> Material provided
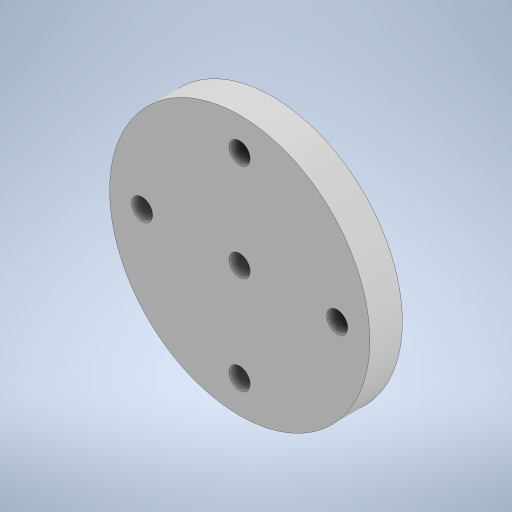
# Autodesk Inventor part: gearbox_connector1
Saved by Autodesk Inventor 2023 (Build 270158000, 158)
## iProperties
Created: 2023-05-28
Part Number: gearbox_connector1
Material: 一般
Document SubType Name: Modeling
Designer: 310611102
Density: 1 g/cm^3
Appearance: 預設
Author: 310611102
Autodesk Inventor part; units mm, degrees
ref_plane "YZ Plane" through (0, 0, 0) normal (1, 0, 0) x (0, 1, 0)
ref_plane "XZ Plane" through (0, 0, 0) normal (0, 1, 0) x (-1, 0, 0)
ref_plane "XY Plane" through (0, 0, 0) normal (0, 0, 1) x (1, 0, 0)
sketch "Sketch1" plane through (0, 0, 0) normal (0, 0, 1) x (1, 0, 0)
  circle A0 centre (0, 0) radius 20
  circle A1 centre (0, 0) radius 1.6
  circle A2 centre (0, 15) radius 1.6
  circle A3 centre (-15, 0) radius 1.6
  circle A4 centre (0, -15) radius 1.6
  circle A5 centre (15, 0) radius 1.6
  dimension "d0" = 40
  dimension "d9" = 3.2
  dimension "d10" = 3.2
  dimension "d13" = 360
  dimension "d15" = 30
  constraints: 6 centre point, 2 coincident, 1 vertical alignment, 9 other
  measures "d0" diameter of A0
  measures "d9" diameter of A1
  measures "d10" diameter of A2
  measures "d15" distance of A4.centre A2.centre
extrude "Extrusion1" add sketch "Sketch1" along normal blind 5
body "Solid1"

> Problem to solve
Take the lines from the start of the entries through the line containing "circle A3 centre (-15, 0) radius 1.6" and set them down exactly, leaving out every picture.

> Response to the task
# Autodesk Inventor part: gearbox_connector1
Saved by Autodesk Inventor 2023 (Build 270158000, 158)
## iProperties
Created: 2023-05-28
Part Number: gearbox_connector1
Material: 一般
Document SubType Name: Modeling
Designer: 310611102
Density: 1 g/cm^3
Appearance: 預設
Author: 310611102
Autodesk Inventor part; units mm, degrees
ref_plane "YZ Plane" through (0, 0, 0) normal (1, 0, 0) x (0, 1, 0)
ref_plane "XZ Plane" through (0, 0, 0) normal (0, 1, 0) x (-1, 0, 0)
ref_plane "XY Plane" through (0, 0, 0) normal (0, 0, 1) x (1, 0, 0)
sketch "Sketch1" plane through (0, 0, 0) normal (0, 0, 1) x (1, 0, 0)
  circle A0 centre (0, 0) radius 20
  circle A1 centre (0, 0) radius 1.6
  circle A2 centre (0, 15) radius 1.6
  circle A3 centre (-15, 0) radius 1.6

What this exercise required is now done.